# [PROBLEM DESCRIPTION]
Give back the data exactly, with no images.

# [DATA SECTION]
--- START ---

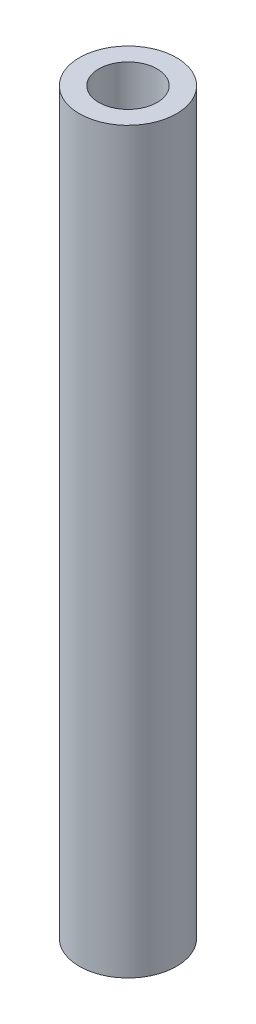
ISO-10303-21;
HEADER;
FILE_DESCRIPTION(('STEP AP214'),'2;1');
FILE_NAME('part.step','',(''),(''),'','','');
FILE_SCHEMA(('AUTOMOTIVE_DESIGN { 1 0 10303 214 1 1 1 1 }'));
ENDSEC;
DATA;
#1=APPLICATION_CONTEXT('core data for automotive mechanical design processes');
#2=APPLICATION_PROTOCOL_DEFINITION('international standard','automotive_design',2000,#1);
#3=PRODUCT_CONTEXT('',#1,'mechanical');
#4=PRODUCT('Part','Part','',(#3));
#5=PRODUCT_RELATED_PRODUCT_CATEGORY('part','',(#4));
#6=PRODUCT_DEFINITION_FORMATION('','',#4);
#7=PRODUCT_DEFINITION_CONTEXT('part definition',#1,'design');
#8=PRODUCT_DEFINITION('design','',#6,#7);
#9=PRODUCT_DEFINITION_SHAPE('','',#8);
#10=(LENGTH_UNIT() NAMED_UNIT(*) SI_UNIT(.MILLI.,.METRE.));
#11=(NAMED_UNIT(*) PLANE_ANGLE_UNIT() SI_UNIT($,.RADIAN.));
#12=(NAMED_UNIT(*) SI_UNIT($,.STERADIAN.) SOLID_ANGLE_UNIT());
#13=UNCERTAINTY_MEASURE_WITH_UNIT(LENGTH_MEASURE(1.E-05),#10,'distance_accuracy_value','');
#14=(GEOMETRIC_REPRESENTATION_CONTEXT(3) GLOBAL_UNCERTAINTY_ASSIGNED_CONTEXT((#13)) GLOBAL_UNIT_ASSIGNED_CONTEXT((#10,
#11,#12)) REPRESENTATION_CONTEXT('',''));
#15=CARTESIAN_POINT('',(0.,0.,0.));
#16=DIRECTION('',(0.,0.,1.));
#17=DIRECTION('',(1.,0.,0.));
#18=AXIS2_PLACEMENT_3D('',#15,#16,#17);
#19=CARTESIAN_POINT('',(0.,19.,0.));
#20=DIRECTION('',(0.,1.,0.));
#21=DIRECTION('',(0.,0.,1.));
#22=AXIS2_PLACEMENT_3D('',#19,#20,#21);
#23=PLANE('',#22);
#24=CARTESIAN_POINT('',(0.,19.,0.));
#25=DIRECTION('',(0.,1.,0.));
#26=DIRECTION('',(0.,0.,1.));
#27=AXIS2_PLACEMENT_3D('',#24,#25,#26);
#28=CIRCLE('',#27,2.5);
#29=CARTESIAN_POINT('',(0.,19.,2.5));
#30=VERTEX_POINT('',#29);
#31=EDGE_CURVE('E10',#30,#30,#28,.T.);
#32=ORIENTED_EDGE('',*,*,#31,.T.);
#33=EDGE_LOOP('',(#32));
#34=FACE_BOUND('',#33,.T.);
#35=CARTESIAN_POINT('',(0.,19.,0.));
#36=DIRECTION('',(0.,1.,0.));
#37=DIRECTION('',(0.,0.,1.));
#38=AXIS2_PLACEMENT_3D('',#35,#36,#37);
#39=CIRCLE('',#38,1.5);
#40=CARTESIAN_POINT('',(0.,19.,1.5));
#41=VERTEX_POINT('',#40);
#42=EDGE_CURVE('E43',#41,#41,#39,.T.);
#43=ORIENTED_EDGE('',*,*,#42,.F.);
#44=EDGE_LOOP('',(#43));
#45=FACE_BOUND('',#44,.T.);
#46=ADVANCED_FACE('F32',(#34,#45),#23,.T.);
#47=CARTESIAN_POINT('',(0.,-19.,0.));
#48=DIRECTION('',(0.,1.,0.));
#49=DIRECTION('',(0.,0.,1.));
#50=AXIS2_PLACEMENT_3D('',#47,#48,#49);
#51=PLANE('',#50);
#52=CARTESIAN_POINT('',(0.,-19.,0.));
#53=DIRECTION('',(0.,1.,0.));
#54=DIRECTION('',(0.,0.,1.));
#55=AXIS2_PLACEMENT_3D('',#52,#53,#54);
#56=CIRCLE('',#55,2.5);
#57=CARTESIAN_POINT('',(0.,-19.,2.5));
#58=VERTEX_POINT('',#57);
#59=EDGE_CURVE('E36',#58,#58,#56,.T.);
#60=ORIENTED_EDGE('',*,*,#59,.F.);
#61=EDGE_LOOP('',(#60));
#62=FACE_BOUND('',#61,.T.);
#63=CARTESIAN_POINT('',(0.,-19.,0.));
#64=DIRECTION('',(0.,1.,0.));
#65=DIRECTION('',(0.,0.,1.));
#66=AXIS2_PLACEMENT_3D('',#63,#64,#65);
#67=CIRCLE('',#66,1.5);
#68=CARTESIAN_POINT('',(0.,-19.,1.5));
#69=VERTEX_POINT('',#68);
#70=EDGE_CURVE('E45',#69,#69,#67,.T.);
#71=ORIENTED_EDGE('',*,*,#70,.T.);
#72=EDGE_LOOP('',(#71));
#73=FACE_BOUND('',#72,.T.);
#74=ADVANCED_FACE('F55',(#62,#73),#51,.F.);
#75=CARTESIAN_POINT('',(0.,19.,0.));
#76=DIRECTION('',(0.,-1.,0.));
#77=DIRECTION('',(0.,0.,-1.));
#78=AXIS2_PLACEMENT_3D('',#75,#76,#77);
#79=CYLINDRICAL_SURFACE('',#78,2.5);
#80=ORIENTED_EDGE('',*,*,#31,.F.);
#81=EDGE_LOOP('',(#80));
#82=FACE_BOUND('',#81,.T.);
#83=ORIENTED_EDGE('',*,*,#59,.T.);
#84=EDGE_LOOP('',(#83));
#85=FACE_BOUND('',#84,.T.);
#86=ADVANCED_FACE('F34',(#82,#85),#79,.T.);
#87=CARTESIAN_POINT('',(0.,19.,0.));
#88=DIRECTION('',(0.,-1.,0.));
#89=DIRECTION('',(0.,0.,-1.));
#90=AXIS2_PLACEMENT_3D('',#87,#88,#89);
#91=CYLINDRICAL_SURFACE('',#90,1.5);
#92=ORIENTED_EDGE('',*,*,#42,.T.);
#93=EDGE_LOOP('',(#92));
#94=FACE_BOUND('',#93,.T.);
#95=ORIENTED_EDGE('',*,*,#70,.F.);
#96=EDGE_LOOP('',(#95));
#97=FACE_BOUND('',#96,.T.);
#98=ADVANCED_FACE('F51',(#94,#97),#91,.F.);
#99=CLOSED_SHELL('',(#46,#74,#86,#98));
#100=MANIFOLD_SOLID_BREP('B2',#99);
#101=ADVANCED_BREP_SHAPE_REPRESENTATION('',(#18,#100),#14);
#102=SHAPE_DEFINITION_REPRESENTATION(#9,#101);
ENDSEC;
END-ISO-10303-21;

--- END ---

# [WRITTEN RESPONSE]
ISO-10303-21;
HEADER;
FILE_DESCRIPTION(('STEP AP214'),'2;1');
FILE_NAME('part.step','',(''),(''),'','','');
FILE_SCHEMA(('AUTOMOTIVE_DESIGN { 1 0 10303 214 1 1 1 1 }'));
ENDSEC;
DATA;
#1=APPLICATION_CONTEXT('core data for automotive mechanical design processes');
#2=APPLICATION_PROTOCOL_DEFINITION('international standard','automotive_design',2000,#1);
#3=PRODUCT_CONTEXT('',#1,'mechanical');
#4=PRODUCT('Part','Part','',(#3));
#5=PRODUCT_RELATED_PRODUCT_CATEGORY('part','',(#4));
#6=PRODUCT_DEFINITION_FORMATION('','',#4);
#7=PRODUCT_DEFINITION_CONTEXT('part definition',#1,'design');
#8=PRODUCT_DEFINITION('design','',#6,#7);
#9=PRODUCT_DEFINITION_SHAPE('','',#8);
#10=(LENGTH_UNIT() NAMED_UNIT(*) SI_UNIT(.MILLI.,.METRE.));
#11=(NAMED_UNIT(*) PLANE_ANGLE_UNIT() SI_UNIT($,.RADIAN.));
#12=(NAMED_UNIT(*) SI_UNIT($,.STERADIAN.) SOLID_ANGLE_UNIT());
#13=UNCERTAINTY_MEASURE_WITH_UNIT(LENGTH_MEASURE(1.E-05),#10,'distance_accuracy_value','');
#14=(GEOMETRIC_REPRESENTATION_CONTEXT(3) GLOBAL_UNCERTAINTY_ASSIGNED_CONTEXT((#13)) GLOBAL_UNIT_ASSIGNED_CONTEXT((#10,
#11,#12)) REPRESENTATION_CONTEXT('',''));
#15=CARTESIAN_POINT('',(0.,0.,0.));
#16=DIRECTION('',(0.,0.,1.));
#17=DIRECTION('',(1.,0.,0.));
#18=AXIS2_PLACEMENT_3D('',#15,#16,#17);
#19=CARTESIAN_POINT('',(0.,19.,0.));
#20=DIRECTION('',(0.,1.,0.));
#21=DIRECTION('',(0.,0.,1.));
#22=AXIS2_PLACEMENT_3D('',#19,#20,#21);
#23=PLANE('',#22);
#24=CARTESIAN_POINT('',(0.,19.,0.));
#25=DIRECTION('',(0.,1.,0.));
#26=DIRECTION('',(0.,0.,1.));
#27=AXIS2_PLACEMENT_3D('',#24,#25,#26);
#28=CIRCLE('',#27,2.5);
#29=CARTESIAN_POINT('',(0.,19.,2.5));
#30=VERTEX_POINT('',#29);
#31=EDGE_CURVE('E10',#30,#30,#28,.T.);
#32=ORIENTED_EDGE('',*,*,#31,.T.);
#33=EDGE_LOOP('',(#32));
#34=FACE_BOUND('',#33,.T.);
#35=CARTESIAN_POINT('',(0.,19.,0.));
#36=DIRECTION('',(0.,1.,0.));
#37=DIRECTION('',(0.,0.,1.));
#38=AXIS2_PLACEMENT_3D('',#35,#36,#37);
#39=CIRCLE('',#38,1.5);
#40=CARTESIAN_POINT('',(0.,19.,1.5));
#41=VERTEX_POINT('',#40);
#42=EDGE_CURVE('E43',#41,#41,#39,.T.);
#43=ORIENTED_EDGE('',*,*,#42,.F.);
#44=EDGE_LOOP('',(#43));
#45=FACE_BOUND('',#44,.T.);
#46=ADVANCED_FACE('F32',(#34,#45),#23,.T.);
#47=CARTESIAN_POINT('',(0.,-19.,0.));
#48=DIRECTION('',(0.,1.,0.));
#49=DIRECTION('',(0.,0.,1.));
#50=AXIS2_PLACEMENT_3D('',#47,#48,#49);
#51=PLANE('',#50);
#52=CARTESIAN_POINT('',(0.,-19.,0.));
#53=DIRECTION('',(0.,1.,0.));
#54=DIRECTION('',(0.,0.,1.));
#55=AXIS2_PLACEMENT_3D('',#52,#53,#54);
#56=CIRCLE('',#55,2.5);
#57=CARTESIAN_POINT('',(0.,-19.,2.5));
#58=VERTEX_POINT('',#57);
#59=EDGE_CURVE('E36',#58,#58,#56,.T.);
#60=ORIENTED_EDGE('',*,*,#59,.F.);
#61=EDGE_LOOP('',(#60));
#62=FACE_BOUND('',#61,.T.);
#63=CARTESIAN_POINT('',(0.,-19.,0.));
#64=DIRECTION('',(0.,1.,0.));
#65=DIRECTION('',(0.,0.,1.));
#66=AXIS2_PLACEMENT_3D('',#63,#64,#65);
#67=CIRCLE('',#66,1.5);
#68=CARTESIAN_POINT('',(0.,-19.,1.5));
#69=VERTEX_POINT('',#68);
#70=EDGE_CURVE('E45',#69,#69,#67,.T.);
#71=ORIENTED_EDGE('',*,*,#70,.T.);
#72=EDGE_LOOP('',(#71));
#73=FACE_BOUND('',#72,.T.);
#74=ADVANCED_FACE('F55',(#62,#73),#51,.F.);
#75=CARTESIAN_POINT('',(0.,19.,0.));
#76=DIRECTION('',(0.,-1.,0.));
#77=DIRECTION('',(0.,0.,-1.));
#78=AXIS2_PLACEMENT_3D('',#75,#76,#77);
#79=CYLINDRICAL_SURFACE('',#78,2.5);
#80=ORIENTED_EDGE('',*,*,#31,.F.);
#81=EDGE_LOOP('',(#80));
#82=FACE_BOUND('',#81,.T.);
#83=ORIENTED_EDGE('',*,*,#59,.T.);
#84=EDGE_LOOP('',(#83));
#85=FACE_BOUND('',#84,.T.);
#86=ADVANCED_FACE('F34',(#82,#85),#79,.T.);
#87=CARTESIAN_POINT('',(0.,19.,0.));
#88=DIRECTION('',(0.,-1.,0.));
#89=DIRECTION('',(0.,0.,-1.));
#90=AXIS2_PLACEMENT_3D('',#87,#88,#89);
#91=CYLINDRICAL_SURFACE('',#90,1.5);
#92=ORIENTED_EDGE('',*,*,#42,.T.);
#93=EDGE_LOOP('',(#92));
#94=FACE_BOUND('',#93,.T.);
#95=ORIENTED_EDGE('',*,*,#70,.F.);
#96=EDGE_LOOP('',(#95));
#97=FACE_BOUND('',#96,.T.);
#98=ADVANCED_FACE('F51',(#94,#97),#91,.F.);
#99=CLOSED_SHELL('',(#46,#74,#86,#98));
#100=MANIFOLD_SOLID_BREP('B2',#99);
#101=ADVANCED_BREP_SHAPE_REPRESENTATION('',(#18,#100),#14);
#102=SHAPE_DEFINITION_REPRESENTATION(#9,#101);
ENDSEC;
END-ISO-10303-21;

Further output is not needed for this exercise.